**Problem details:**
A complete answer includes every line below with the word "first".

**Provided data:**
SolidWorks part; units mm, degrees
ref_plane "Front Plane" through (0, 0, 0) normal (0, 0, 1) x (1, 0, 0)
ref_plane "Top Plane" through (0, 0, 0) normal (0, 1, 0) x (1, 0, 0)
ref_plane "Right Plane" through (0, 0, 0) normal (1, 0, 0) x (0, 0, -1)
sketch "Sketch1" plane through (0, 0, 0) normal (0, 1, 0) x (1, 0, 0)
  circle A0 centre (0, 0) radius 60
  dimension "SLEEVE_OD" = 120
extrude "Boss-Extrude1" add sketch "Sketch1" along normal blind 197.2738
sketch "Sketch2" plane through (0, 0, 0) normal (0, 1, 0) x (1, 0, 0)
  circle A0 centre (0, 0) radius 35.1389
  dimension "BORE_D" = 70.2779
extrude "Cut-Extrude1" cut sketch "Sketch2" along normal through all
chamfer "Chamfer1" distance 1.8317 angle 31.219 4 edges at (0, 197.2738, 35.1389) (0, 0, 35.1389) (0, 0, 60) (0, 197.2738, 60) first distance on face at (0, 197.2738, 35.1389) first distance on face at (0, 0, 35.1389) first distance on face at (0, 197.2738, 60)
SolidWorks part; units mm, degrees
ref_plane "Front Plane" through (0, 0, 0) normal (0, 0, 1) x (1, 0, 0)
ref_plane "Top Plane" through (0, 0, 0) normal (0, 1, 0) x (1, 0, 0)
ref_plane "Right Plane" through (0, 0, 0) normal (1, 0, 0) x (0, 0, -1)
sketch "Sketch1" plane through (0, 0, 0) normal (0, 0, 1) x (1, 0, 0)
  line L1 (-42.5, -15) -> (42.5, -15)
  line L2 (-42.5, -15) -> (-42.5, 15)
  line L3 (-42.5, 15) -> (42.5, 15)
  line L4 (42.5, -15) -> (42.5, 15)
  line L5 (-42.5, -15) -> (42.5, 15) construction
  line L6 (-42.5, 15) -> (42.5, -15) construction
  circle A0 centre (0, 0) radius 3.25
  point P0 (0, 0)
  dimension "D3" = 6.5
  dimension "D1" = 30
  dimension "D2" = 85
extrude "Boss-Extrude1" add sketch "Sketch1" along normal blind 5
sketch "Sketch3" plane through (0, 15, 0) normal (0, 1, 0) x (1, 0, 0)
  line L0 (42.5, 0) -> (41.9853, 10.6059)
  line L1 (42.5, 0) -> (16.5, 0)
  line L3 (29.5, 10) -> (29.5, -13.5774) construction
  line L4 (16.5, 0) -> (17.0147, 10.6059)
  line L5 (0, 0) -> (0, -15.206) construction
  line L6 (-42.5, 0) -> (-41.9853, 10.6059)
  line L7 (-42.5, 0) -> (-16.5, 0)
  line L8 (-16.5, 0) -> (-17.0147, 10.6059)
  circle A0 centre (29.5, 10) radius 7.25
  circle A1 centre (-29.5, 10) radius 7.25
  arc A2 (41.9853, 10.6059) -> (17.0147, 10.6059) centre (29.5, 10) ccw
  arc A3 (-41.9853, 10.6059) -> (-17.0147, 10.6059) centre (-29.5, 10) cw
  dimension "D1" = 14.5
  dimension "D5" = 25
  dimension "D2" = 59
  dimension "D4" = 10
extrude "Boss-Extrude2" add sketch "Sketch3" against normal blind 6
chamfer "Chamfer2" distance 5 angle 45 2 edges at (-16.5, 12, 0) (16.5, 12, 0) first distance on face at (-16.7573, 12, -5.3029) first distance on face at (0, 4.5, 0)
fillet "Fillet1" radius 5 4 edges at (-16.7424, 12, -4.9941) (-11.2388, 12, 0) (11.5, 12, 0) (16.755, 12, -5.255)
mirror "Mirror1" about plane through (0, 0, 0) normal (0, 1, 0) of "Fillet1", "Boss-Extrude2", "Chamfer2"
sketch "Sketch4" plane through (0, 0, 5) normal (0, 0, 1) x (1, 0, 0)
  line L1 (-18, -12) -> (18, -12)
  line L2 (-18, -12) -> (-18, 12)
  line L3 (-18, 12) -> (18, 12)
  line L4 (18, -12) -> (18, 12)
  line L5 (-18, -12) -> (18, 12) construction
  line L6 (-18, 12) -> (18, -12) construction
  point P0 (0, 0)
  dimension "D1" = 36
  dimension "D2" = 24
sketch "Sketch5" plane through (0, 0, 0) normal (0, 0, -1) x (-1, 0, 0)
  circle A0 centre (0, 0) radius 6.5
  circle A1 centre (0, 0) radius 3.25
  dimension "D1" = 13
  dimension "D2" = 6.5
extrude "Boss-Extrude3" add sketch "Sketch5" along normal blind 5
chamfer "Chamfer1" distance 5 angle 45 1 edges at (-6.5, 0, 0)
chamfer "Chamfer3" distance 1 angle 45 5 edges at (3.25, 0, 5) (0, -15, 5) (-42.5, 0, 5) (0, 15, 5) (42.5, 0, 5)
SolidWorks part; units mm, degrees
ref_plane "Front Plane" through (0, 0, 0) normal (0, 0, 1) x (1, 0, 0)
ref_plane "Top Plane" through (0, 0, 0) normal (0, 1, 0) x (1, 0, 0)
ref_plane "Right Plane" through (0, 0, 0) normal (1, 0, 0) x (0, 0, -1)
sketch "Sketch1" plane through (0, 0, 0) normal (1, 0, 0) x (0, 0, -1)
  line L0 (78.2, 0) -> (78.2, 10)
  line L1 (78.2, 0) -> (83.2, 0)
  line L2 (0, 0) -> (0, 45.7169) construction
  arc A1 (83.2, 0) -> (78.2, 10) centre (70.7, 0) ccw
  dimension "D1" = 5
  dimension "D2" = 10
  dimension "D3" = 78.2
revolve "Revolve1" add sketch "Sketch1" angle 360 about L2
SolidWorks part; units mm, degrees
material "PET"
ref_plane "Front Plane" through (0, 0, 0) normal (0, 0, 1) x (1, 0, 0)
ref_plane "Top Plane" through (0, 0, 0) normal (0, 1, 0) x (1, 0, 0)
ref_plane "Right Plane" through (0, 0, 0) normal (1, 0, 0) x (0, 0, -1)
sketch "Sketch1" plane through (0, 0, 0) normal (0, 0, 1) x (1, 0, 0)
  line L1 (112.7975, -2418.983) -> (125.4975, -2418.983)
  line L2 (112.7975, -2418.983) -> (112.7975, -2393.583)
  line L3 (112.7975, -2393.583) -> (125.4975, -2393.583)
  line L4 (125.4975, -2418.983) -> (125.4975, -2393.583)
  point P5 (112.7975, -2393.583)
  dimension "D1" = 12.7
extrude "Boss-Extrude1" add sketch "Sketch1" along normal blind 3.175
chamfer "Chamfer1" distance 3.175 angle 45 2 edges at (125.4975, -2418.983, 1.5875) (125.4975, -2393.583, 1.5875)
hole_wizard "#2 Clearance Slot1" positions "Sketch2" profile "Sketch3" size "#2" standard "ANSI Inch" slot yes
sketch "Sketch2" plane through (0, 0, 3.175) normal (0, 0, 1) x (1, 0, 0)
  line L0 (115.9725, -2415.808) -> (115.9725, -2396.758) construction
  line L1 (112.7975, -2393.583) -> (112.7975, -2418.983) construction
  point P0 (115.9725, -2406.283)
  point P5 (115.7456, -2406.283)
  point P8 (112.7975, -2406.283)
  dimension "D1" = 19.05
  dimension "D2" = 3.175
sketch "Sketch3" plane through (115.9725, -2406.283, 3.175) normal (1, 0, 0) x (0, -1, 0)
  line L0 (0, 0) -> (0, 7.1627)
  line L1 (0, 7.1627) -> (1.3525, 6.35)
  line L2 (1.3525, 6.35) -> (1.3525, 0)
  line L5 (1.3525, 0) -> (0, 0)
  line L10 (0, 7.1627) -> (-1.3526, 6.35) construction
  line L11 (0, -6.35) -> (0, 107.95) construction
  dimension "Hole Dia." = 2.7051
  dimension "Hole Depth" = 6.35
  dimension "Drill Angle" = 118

**Output of the exercise:**
chamfer "Chamfer1" distance 1.8317 angle 31.219 4 edges at (0, 197.2738, 35.1389) (0, 0, 35.1389) (0, 0, 60) (0, 197.2738, 60) first distance on face at (0, 197.2738, 35.1389) first distance on face at (0, 0, 35.1389) first distance on face at (0, 197.2738, 60)
chamfer "Chamfer2" distance 5 angle 45 2 edges at (-16.5, 12, 0) (16.5, 12, 0) first distance on face at (-16.7573, 12, -5.3029) first distance on face at (0, 4.5, 0)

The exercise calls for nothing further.